EXERCISE PROMPT: Every line of the entries that holds the word "CIRCLE" is to be copied.

AVAILABLE DATA:
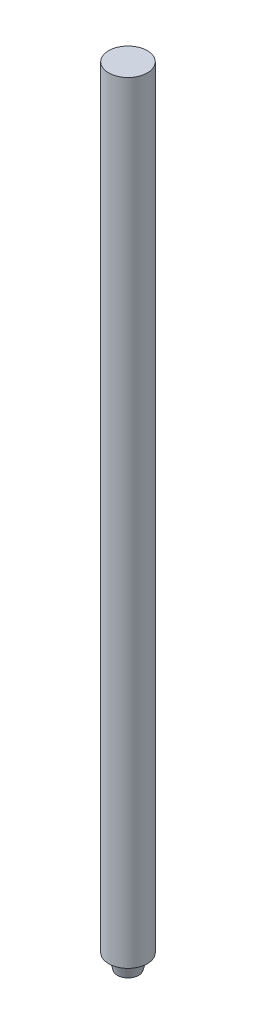
ISO-10303-21;
HEADER;
FILE_DESCRIPTION(('STEP AP214'),'2;1');
FILE_NAME('part.step','',(''),(''),'','','');
FILE_SCHEMA(('AUTOMOTIVE_DESIGN { 1 0 10303 214 1 1 1 1 }'));
ENDSEC;
DATA;
#1=APPLICATION_CONTEXT('core data for automotive mechanical design processes');
#2=APPLICATION_PROTOCOL_DEFINITION('international standard','automotive_design',2000,#1);
#3=PRODUCT_CONTEXT('',#1,'mechanical');
#4=PRODUCT('Part','Part','',(#3));
#5=PRODUCT_RELATED_PRODUCT_CATEGORY('part','',(#4));
#6=PRODUCT_DEFINITION_FORMATION('','',#4);
#7=PRODUCT_DEFINITION_CONTEXT('part definition',#1,'design');
#8=PRODUCT_DEFINITION('design','',#6,#7);
#9=PRODUCT_DEFINITION_SHAPE('','',#8);
#10=(LENGTH_UNIT() NAMED_UNIT(*) SI_UNIT(.MILLI.,.METRE.));
#11=(NAMED_UNIT(*) PLANE_ANGLE_UNIT() SI_UNIT($,.RADIAN.));
#12=(NAMED_UNIT(*) SI_UNIT($,.STERADIAN.) SOLID_ANGLE_UNIT());
#13=UNCERTAINTY_MEASURE_WITH_UNIT(LENGTH_MEASURE(1.E-05),#10,'distance_accuracy_value','');
#14=(GEOMETRIC_REPRESENTATION_CONTEXT(3) GLOBAL_UNCERTAINTY_ASSIGNED_CONTEXT((#13)) GLOBAL_UNIT_ASSIGNED_CONTEXT((#10,
#11,#12)) REPRESENTATION_CONTEXT('',''));
#15=CARTESIAN_POINT('',(0.,0.,0.));
#16=DIRECTION('',(0.,0.,1.));
#17=DIRECTION('',(1.,0.,0.));
#18=AXIS2_PLACEMENT_3D('',#15,#16,#17);
#19=CARTESIAN_POINT('',(0.,-159.86,0.));
#20=DIRECTION('',(0.,1.,0.));
#21=DIRECTION('',(0.,0.,1.));
#22=AXIS2_PLACEMENT_3D('',#19,#20,#21);
#23=PLANE('',#22);
#24=CARTESIAN_POINT('',(0.,-159.86,0.));
#25=DIRECTION('',(0.,1.,0.));
#26=DIRECTION('',(0.,0.,1.));
#27=AXIS2_PLACEMENT_3D('',#24,#25,#26);
#28=CIRCLE('',#27,4.);
#29=CARTESIAN_POINT('',(0.,-159.86,4.));
#30=VERTEX_POINT('',#29);
#31=EDGE_CURVE('E35',#30,#30,#28,.T.);
#32=ORIENTED_EDGE('',*,*,#31,.F.);
#33=EDGE_LOOP('',(#32));
#34=FACE_BOUND('',#33,.T.);
#35=CARTESIAN_POINT('',(0.,-159.86,0.));
#36=DIRECTION('',(0.,1.,0.));
#37=DIRECTION('',(0.,0.,1.));
#38=AXIS2_PLACEMENT_3D('',#35,#36,#37);
#39=CIRCLE('',#38,3.);
#40=CARTESIAN_POINT('',(0.,-159.86,3.));
#41=VERTEX_POINT('',#40);
#42=EDGE_CURVE('E10',#41,#41,#39,.F.);
#43=ORIENTED_EDGE('',*,*,#42,.F.);
#44=EDGE_LOOP('',(#43));
#45=FACE_BOUND('',#44,.T.);
#46=ADVANCED_FACE('F28',(#34,#45),#23,.F.);
#47=CARTESIAN_POINT('',(0.,-159.86,0.));
#48=DIRECTION('',(0.,1.,0.));
#49=DIRECTION('',(0.,0.,1.));
#50=AXIS2_PLACEMENT_3D('',#47,#48,#49);
#51=CYLINDRICAL_SURFACE('',#50,4.);
#52=ORIENTED_EDGE('',*,*,#31,.T.);
#53=EDGE_LOOP('',(#52));
#54=FACE_BOUND('',#53,.T.);
#55=CARTESIAN_POINT('',(0.,0.,0.));
#56=DIRECTION('',(0.,1.,0.));
#57=DIRECTION('',(0.,0.,1.));
#58=AXIS2_PLACEMENT_3D('',#55,#56,#57);
#59=CIRCLE('',#58,4.);
#60=CARTESIAN_POINT('',(0.,0.,4.));
#61=VERTEX_POINT('',#60);
#62=EDGE_CURVE('E39',#61,#61,#59,.T.);
#63=ORIENTED_EDGE('',*,*,#62,.F.);
#64=EDGE_LOOP('',(#63));
#65=FACE_BOUND('',#64,.T.);
#66=ADVANCED_FACE('F30',(#54,#65),#51,.T.);
#67=CARTESIAN_POINT('',(0.,0.,0.));
#68=DIRECTION('',(0.,1.,0.));
#69=DIRECTION('',(0.,0.,1.));
#70=AXIS2_PLACEMENT_3D('',#67,#68,#69);
#71=PLANE('',#70);
#72=ORIENTED_EDGE('',*,*,#62,.T.);
#73=EDGE_LOOP('',(#72));
#74=FACE_BOUND('',#73,.T.);
#75=ADVANCED_FACE('F53',(#74),#71,.T.);
#76=CARTESIAN_POINT('',(0.,-159.86,0.));
#77=DIRECTION('',(0.,1.,0.));
#78=DIRECTION('',(0.,0.,-1.));
#79=AXIS2_PLACEMENT_3D('',#76,#77,#78);
#80=CONICAL_SURFACE('',#79,3.,0.26179938779915);
#81=CARTESIAN_POINT('',(0.,-162.86,0.));
#82=DIRECTION('',(0.,-1.,0.));
#83=DIRECTION('',(0.,0.,-1.));
#84=AXIS2_PLACEMENT_3D('',#81,#82,#83);
#85=CIRCLE('',#84,2.19615242270663);
#86=CARTESIAN_POINT('',(0.,-162.86,-2.19615242270663));
#87=VERTEX_POINT('',#86);
#88=EDGE_CURVE('E44',#87,#87,#85,.T.);
#89=ORIENTED_EDGE('',*,*,#88,.F.);
#90=EDGE_LOOP('',(#89));
#91=FACE_BOUND('',#90,.T.);
#92=ORIENTED_EDGE('',*,*,#42,.T.);
#93=EDGE_LOOP('',(#92));
#94=FACE_BOUND('',#93,.T.);
#95=ADVANCED_FACE('F51',(#91,#94),#80,.T.);
#96=CARTESIAN_POINT('',(0.,-162.86,0.));
#97=DIRECTION('',(0.,-1.,0.));
#98=DIRECTION('',(0.,0.,-1.));
#99=AXIS2_PLACEMENT_3D('',#96,#97,#98);
#100=PLANE('',#99);
#101=ORIENTED_EDGE('',*,*,#88,.T.);
#102=EDGE_LOOP('',(#101));
#103=FACE_BOUND('',#102,.T.);
#104=ADVANCED_FACE('F49',(#103),#100,.T.);
#105=CLOSED_SHELL('',(#46,#66,#75,#95,#104));
#106=MANIFOLD_SOLID_BREP('B2',#105);
#107=ADVANCED_BREP_SHAPE_REPRESENTATION('',(#18,#106),#14);
#108=SHAPE_DEFINITION_REPRESENTATION(#9,#107);
ENDSEC;
END-ISO-10303-21;

THE COMPLETED TASK:
#28=CIRCLE('',#27,4.);
#39=CIRCLE('',#38,3.);
#59=CIRCLE('',#58,4.);
#85=CIRCLE('',#84,2.19615242270663);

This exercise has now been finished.